Data for this exercise —
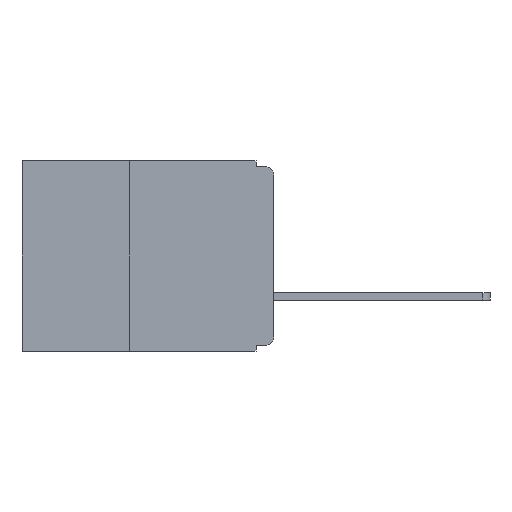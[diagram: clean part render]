
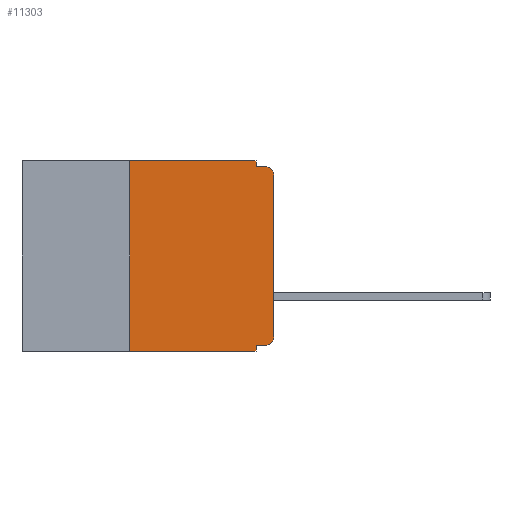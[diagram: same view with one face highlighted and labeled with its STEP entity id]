
A CAD part, left-side view. The second image highlights one B-rep face of the part: STEP entity #11303.
In plain terms, the highlighted planar face has unit normal (-1, 0, 0).
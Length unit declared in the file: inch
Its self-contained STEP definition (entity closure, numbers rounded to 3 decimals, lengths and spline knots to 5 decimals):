
#267 = CARTESIAN_POINT ( 'NONE',  ( 0., 0.25, 0. ) ) ;
#610 = CARTESIAN_POINT ( 'NONE',  ( 0., 0., -0.025 ) ) ;
#888 = ORIENTED_EDGE ( 'NONE', *, *, #7637, .T. ) ;
#902 = CARTESIAN_POINT ( 'NONE',  ( 0., 0.25, -0.33 ) ) ;
#1235 = DIRECTION ( 'NONE',  ( 1., 0., 0. ) ) ;
#1694 = LINE ( 'NONE', #5685, #10851 ) ;
#1725 = ORIENTED_EDGE ( 'NONE', *, *, #7346, .T. ) ;
#1806 = DIRECTION ( 'NONE',  ( 0., 0., -1. ) ) ;
#1874 = VERTEX_POINT ( 'NONE', #11593 ) ;
#1942 = DIRECTION ( 'NONE',  ( -1., 0., 0. ) ) ;
#1950 = CARTESIAN_POINT ( 'NONE',  ( 0., 0.015, -0.305 ) ) ;
#2117 = VECTOR ( 'NONE', #7569, 39.37008 ) ;
#2380 = AXIS2_PLACEMENT_3D ( 'NONE', #11880, #1235, #8179 ) ;
#2452 = EDGE_CURVE ( 'NONE', #7726, #6592, #7751, .T. ) ;
#2589 = DIRECTION ( 'NONE',  ( 0., 0., -1. ) ) ;
#2696 = DIRECTION ( 'NONE',  ( -1., 0., 0. ) ) ;
#2773 = CARTESIAN_POINT ( 'NONE',  ( 0., 0.015, -0.025 ) ) ;
#3142 = DIRECTION ( 'NONE',  ( 0., 0., -1. ) ) ;
#3227 = CARTESIAN_POINT ( 'NONE',  ( 0., 0.031, -0.33 ) ) ;
#3282 = ORIENTED_EDGE ( 'NONE', *, *, #8938, .F. ) ;
#3438 = CARTESIAN_POINT ( 'NONE',  ( 0., 0., -0.305 ) ) ;
#3859 = LINE ( 'NONE', #3227, #10653 ) ;
#4113 = VERTEX_POINT ( 'NONE', #10151 ) ;
#4445 = CARTESIAN_POINT ( 'NONE',  ( 0., 0.031, 0. ) ) ;
#4487 = CARTESIAN_POINT ( 'NONE',  ( 0., 0.031, -0.01 ) ) ;
#4496 = VECTOR ( 'NONE', #6625, 39.37008 ) ;
#4703 = ORIENTED_EDGE ( 'NONE', *, *, #7575, .F. ) ;
#4756 = CARTESIAN_POINT ( 'NONE',  ( 0., 0.031, -0.32 ) ) ;
#4850 = ORIENTED_EDGE ( 'NONE', *, *, #8885, .F. ) ;
#4951 = DIRECTION ( 'NONE',  ( 0., -1., 0. ) ) ;
#5313 = DIRECTION ( 'NONE',  ( 0., 1., 0. ) ) ;
#5315 = VERTEX_POINT ( 'NONE', #4487 ) ;
#5372 = CARTESIAN_POINT ( 'NONE',  ( 0., 0., -0.32 ) ) ;
#5685 = CARTESIAN_POINT ( 'NONE',  ( 0., 0.437, -0.33 ) ) ;
#5792 = CARTESIAN_POINT ( 'NONE',  ( 0., 0.25, -0.33 ) ) ;
#5954 = CIRCLE ( 'NONE', #6280, 0.015 ) ;
#6046 = CIRCLE ( 'NONE', #6109, 0.015 ) ;
#6050 = FACE_OUTER_BOUND ( 'NONE', #8627, .T. ) ;
#6109 = AXIS2_PLACEMENT_3D ( 'NONE', #2773, #2696, #2589 ) ;
#6228 = ORIENTED_EDGE ( 'NONE', *, *, #7480, .F. ) ;
#6280 = AXIS2_PLACEMENT_3D ( 'NONE', #1950, #1942, #1806 ) ;
#6438 = VECTOR ( 'NONE', #5313, 39.37008 ) ;
#6467 = LINE ( 'NONE', #5372, #6438 ) ;
#6565 = VERTEX_POINT ( 'NONE', #4756 ) ;
#6592 = VERTEX_POINT ( 'NONE', #4445 ) ;
#6625 = DIRECTION ( 'NONE',  ( 0., 0., 1. ) ) ;
#6946 = VECTOR ( 'NONE', #8158, 39.37008 ) ;
#7058 = VERTEX_POINT ( 'NONE', #610 ) ;
#7078 = CARTESIAN_POINT ( 'NONE',  ( 0., 0.031, 0. ) ) ;
#7346 = EDGE_CURVE ( 'NONE', #7647, #7058, #8634, .T. ) ;
#7406 = LINE ( 'NONE', #8796, #6946 ) ;
#7480 = EDGE_CURVE ( 'NONE', #5315, #10984, #7406, .T. ) ;
#7569 = DIRECTION ( 'NONE',  ( 0., 0., -1. ) ) ;
#7575 = EDGE_CURVE ( 'NONE', #4113, #6565, #6467, .T. ) ;
#7623 = EDGE_CURVE ( 'NONE', #7058, #10984, #6046, .T. ) ;
#7637 = EDGE_CURVE ( 'NONE', #4113, #7647, #5954, .T. ) ;
#7647 = VERTEX_POINT ( 'NONE', #3438 ) ;
#7684 = VECTOR ( 'NONE', #7864, 39.37008 ) ;
#7706 = CARTESIAN_POINT ( 'NONE',  ( 0., 0.015, -0.01 ) ) ;
#7726 = VERTEX_POINT ( 'NONE', #267 ) ;
#7751 = LINE ( 'NONE', #11501, #7684 ) ;
#7864 = DIRECTION ( 'NONE',  ( 0., -1., 0. ) ) ;
#8106 = ORIENTED_EDGE ( 'NONE', *, *, #2452, .F. ) ;
#8158 = DIRECTION ( 'NONE',  ( 0., -1., 0. ) ) ;
#8179 = DIRECTION ( 'NONE',  ( 0., 0., -1. ) ) ;
#8627 = EDGE_LOOP ( 'NONE', ( #1725, #9921, #6228, #8664, #8106, #4850, #9003, #3282, #4703, #888 ) ) ;
#8634 = LINE ( 'NONE', #11187, #8772 ) ;
#8664 = ORIENTED_EDGE ( 'NONE', *, *, #8853, .F. ) ;
#8772 = VECTOR ( 'NONE', #11330, 39.37008 ) ;
#8796 = CARTESIAN_POINT ( 'NONE',  ( 0., 0., -0.01 ) ) ;
#8853 = EDGE_CURVE ( 'NONE', #6592, #5315, #11470, .T. ) ;
#8885 = EDGE_CURVE ( 'NONE', #10036, #7726, #9588, .T. ) ;
#8910 = EDGE_CURVE ( 'NONE', #10036, #1874, #1694, .T. ) ;
#8938 = EDGE_CURVE ( 'NONE', #6565, #1874, #3859, .T. ) ;
#8984 = PLANE ( 'NONE',  #2380 ) ;
#9003 = ORIENTED_EDGE ( 'NONE', *, *, #8910, .T. ) ;
#9588 = LINE ( 'NONE', #5792, #4496 ) ;
#9921 = ORIENTED_EDGE ( 'NONE', *, *, #7623, .T. ) ;
#10036 = VERTEX_POINT ( 'NONE', #902 ) ;
#10151 = CARTESIAN_POINT ( 'NONE',  ( 0., 0.015, -0.32 ) ) ;
#10653 = VECTOR ( 'NONE', #3142, 39.37008 ) ;
#10851 = VECTOR ( 'NONE', #4951, 39.37008 ) ;
#10984 = VERTEX_POINT ( 'NONE', #7706 ) ;
#11187 = CARTESIAN_POINT ( 'NONE',  ( 0., 0., 0. ) ) ;
#11303 = ADVANCED_FACE ( 'NONE', ( #6050 ), #8984, .F. ) ;
#11330 = DIRECTION ( 'NONE',  ( 0., 0., 1. ) ) ;
#11470 = LINE ( 'NONE', #7078, #2117 ) ;
#11501 = CARTESIAN_POINT ( 'NONE',  ( 0., 0.437, 0. ) ) ;
#11593 = CARTESIAN_POINT ( 'NONE',  ( 0., 0.031, -0.33 ) ) ;
#11880 = CARTESIAN_POINT ( 'NONE',  ( 0., 0.437, 0. ) ) ;

About this exercise — Take the material above from its first line through the line holding "A CAD part, left-side" and set it down exactly, without the pictures.

Task output —
[diagram: clean part render]
[diagram: same view with one face highlighted and labeled with its STEP entity id]
A CAD part, left-side view. The second image highlights one B-rep face of the part: STEP entity #11303.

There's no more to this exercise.